Supervised mode after all just fixes some rows of the Q matrix to 1s and 0s and doesn't actually fix allele frequencies - P still gets updated given the whole data. Projection mode does literally fix (rather, overfit) the P matrix to the ref data, generally with poor results in my experience.

Indeed. But the inferred allele frequencies for a component (as given in the .P file) can get pulled away from the frequencies observed in its training pop and towards the freqs in the test samples if this allows better likelihood over the whole data, which can happen if test n >> training n.

Agree that different reference data is clearly warranted here, but if test n >> training n you would still likely see this kind of behaviour.
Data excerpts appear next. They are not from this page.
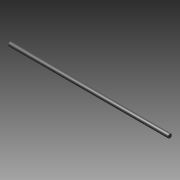
# Autodesk Inventor part: PSFG10-400
Saved by Autodesk Inventor 2014 SP1 (Build 180222100, 222)
## iProperties
Category: PARTsolutions
Company: MISUMI
Created: 2014-10-09
Part Number: PSFG10-400
Catalog Web Link: www.cadenas.de
Description: SFJ, SFU, SSFJ, SSFU, PSFJ, PSFU, PSSFJ, PSSFU, RSFJ, PSFG, PSSFG-Shafts Solid Type
Vendor: MISUMI
Document SubType Name: Modeling
Designer: PARTuser1
Manufacturer: MISUMI
Mass: 31.4083 g
Surface Area: 127.044 cm^2
Volume: 31.4083 cm^3
Density: 1 g/cm^3
Material: Generic
Appearance: PSOLRGB-175-175-175
PSOL_IDENT_0: {\\10.0.0.236\data_v8\23d-libs\misumi\metric\01_linear_shafts\sfj.prj},305 {VTYP=3D},{NB=PSFG10-400}
PSOL_IDENT_1: ,{LINA=PSFG10-400},{NN=SFJ, SFU, SSFJ, SSFU, PSFJ, PSFU, PSSFJ, PSSFU, RSFJ, PSFG, PSSFG},{DATE=26.0
PSOL_IDENT_2: 8.2014 04:38:56},{GEOMDATE=24.07.2014 04:44:00},{VERSION=},{LINEID=60},{LINESUBID=-1},{WBVAR=TS,MAT,
PSOL_IDENT_3: ST,ALT1,L,ALT3,SC,WSC,X,ALT4,FC,WFC,A,E,ALT5,RC,WRC,Y,ALT6,VC,WVC,F,ALT7,KC,G}  {NB=PSFG10-400},{LIN
PSOL_IDENT_4: A=PSFG10-400},{KT=DUMMY},{PN=PSFG10-400},{TYPE=PSFG},{TS=f8},{TSALG= 'g6','g6' , 'h5','h5' , 'f8','f
PSOL_IDENT_5: 8' },{MAT=S45C},{MATALG= 'S45C','1045 Carbon Steel' , 'SUS304','304 Stainless Steel' },{HARD=-},{ST=
PSOL_IDENT_6: HCP10},{STALG= 'HCP10','Hard Chrome Plating Plating Hardness: HV750 ~ Plating Thickness: 10 microns
PSOL_IDENT_7: or More' },{D=10},{ALT1=},{L=400.0},{LALG=[20:800/1]},{LMIN=20},{LMAX=800},{LPN=-400},{C=0.5 or Less
PSOL_IDENT_8: },{C2=0.5},{ALT3=},{ALT3ALG= '','w/o Wrench Flats' , 'SC','with SC (Wrench Flats at One Location)' ,
PSOL_IDENT_9: 'WSC','with WSC (Wrench Flats at Two Locations)' },{SC=0},{SCALG=[0]},{SCMAX=392},{WSC=0},{WSCALG=[
PSOL_IDENT_10: 0]},{WSCMAX=382},{X=0},{XALG=[0]},{XMAX=382},{WALT3=0},{LL1=0},{LL1ALG=8},{ALT3PN=},{ALT4=},{FC=0},{
PSOL_IDENT_11: FCALG=[0]},{FCMAX=30},{WFC=0},{WFCALG=[0]},{WFCMAX=30},{A=0},{AALG=[0]},{AMAX=0},{E=0},{EALG=[0]},{E
PSOL_IDENT_12: MAX=398},{HHALT4=0.0},{ALT4PN=},{ALT5=},{ALT5ALG= '','w/o 90-deg. Set Screw Flat' , 'RC','with RC (9
PSOL_IDENT_13: 0-deg. Set Screw Flat at One Location)' , 'WRC','with WRC (90-deg. Set Screw Flats at Two Locations)'
PSOL_IDENT_14: },{RC=0},{RCALG=[0]},{RCMIN=2},{RCMAX=400},{WRC=0},{WRCALG=[0]},{WRCMIN=2},{WRCMAX=396},{Y=0},{YALG=
PSOL_IDENT_15: [0]},{YMIN=2},{YMAX=398},{BB1=0},{HHALT5=0.0},{ALT5PN=},{ALT6=},{ALT6ALG= '','w/o V Groove' , 'VC','
PSOL_IDENT_16: with VC (V Groove at One Location)' , 'WVC','with WVC (V Grooves at Two Locations)' },{VC=0},{VCALG=
PSOL_IDENT_17: [0]},{VCMAX=400},{WVC=0},{WVCALG=[0]},{WVCMIN=2},{WVCMAX=400},{F=0},{FALG=[0]},{FMAX=400},{WALT6=0},
PSOL_IDENT_18: {ALT6PN=},{ALT7=},{ALT7ALG= '','Not applicable' },{KC=0},{KCALG=[0]},{KCMAX1=398},{KCMAX2=400},{G=0}
PSOL_IDENT_19: ,{GALG=[0]},{GMIN=0},{GMAX1=30},{GMAX2=30},{BB=0},{TT=0.0},{ALT7PN=},{ERRORPN=},{ERRORALT34=OK},{ERR
PSOL_IDENT_20: ORALT35=OK},{ERRORALT36=OK},{ERRORALT37=OK},{ERRORALT45=OK},{ERRORALT46=OK},{ERRORALT47=OK},{ERRORAL
PSOL_IDENT_21: T56=OK},{ERRORALT57=OK},{ERRORALT67=OK}
SUPPLIER: MISUMI
ARTICLENO: PSFG10-400
BOMINFO: PSFG10-400
CREATOR: CADENAS GmbH
Title: PSFG10-400
Author: Cadenas PARTsolutions
Comments: Shafts Solid Type
Autodesk Inventor part; units mm, degrees
ref_plane "YZ Plane" through (0, 0, 0) normal (1, 0, 0) x (0, 1, 0)
ref_plane "XZ Plane" through (0, 0, 0) normal (0, 1, 0) x (-1, 0, 0)
ref_plane "XY Plane" through (0, 0, 0) normal (0, 0, 1) x (1, 0, 0)
sketch "Sketch_3" plane through (0, 0, 0) normal (0, 0, 1) x (1, 0, 0)
  line L0 (400, 0.225) -> (20, 0.225)
  line L1 (20, 0.225) -> (20, 4.5)
  line L2 (20, 4.5) -> (20.475, 4.975)
  line L3 (20.475, 4.975) -> (399.525, 4.975)
  line L4 (399.525, 4.975) -> (400, 4.5)
  line L5 (400, 4.5) -> (400, 0.225)
  line L6 (400, 0.225) -> (20, 0.225)
  dimension "d1" = 380
  constraints: 14 end point
  measures "d1" distance of L4.end L1.end
revolve "Revolution1" add sketch "Sketch_3" angle 360 about axis through (400, 0.225, 0) along (1, 0, 0)
body "Solid1"

What I mean is that of the 5 superpopulations in 1000G, AMR has the lowest sample count. I have seen myself when test n >> training n that ADMIXTURE can basically give up on describing the ancestry of smaller training pops and instead use their maximised components to explain test sample variation.

Seems they used all 3,502 1000G individuals split by superpopulation as training samples. AMR is the smallest superpop. If test samples >> training samples (perhaps the case here?), it's easiest for ADMIXTURE to sacrifice the smallest training pop's ancestry component to describe test set ancestry

Frustrating. Well, at least I can feel like I've done *something* to dissuade people from this line of research.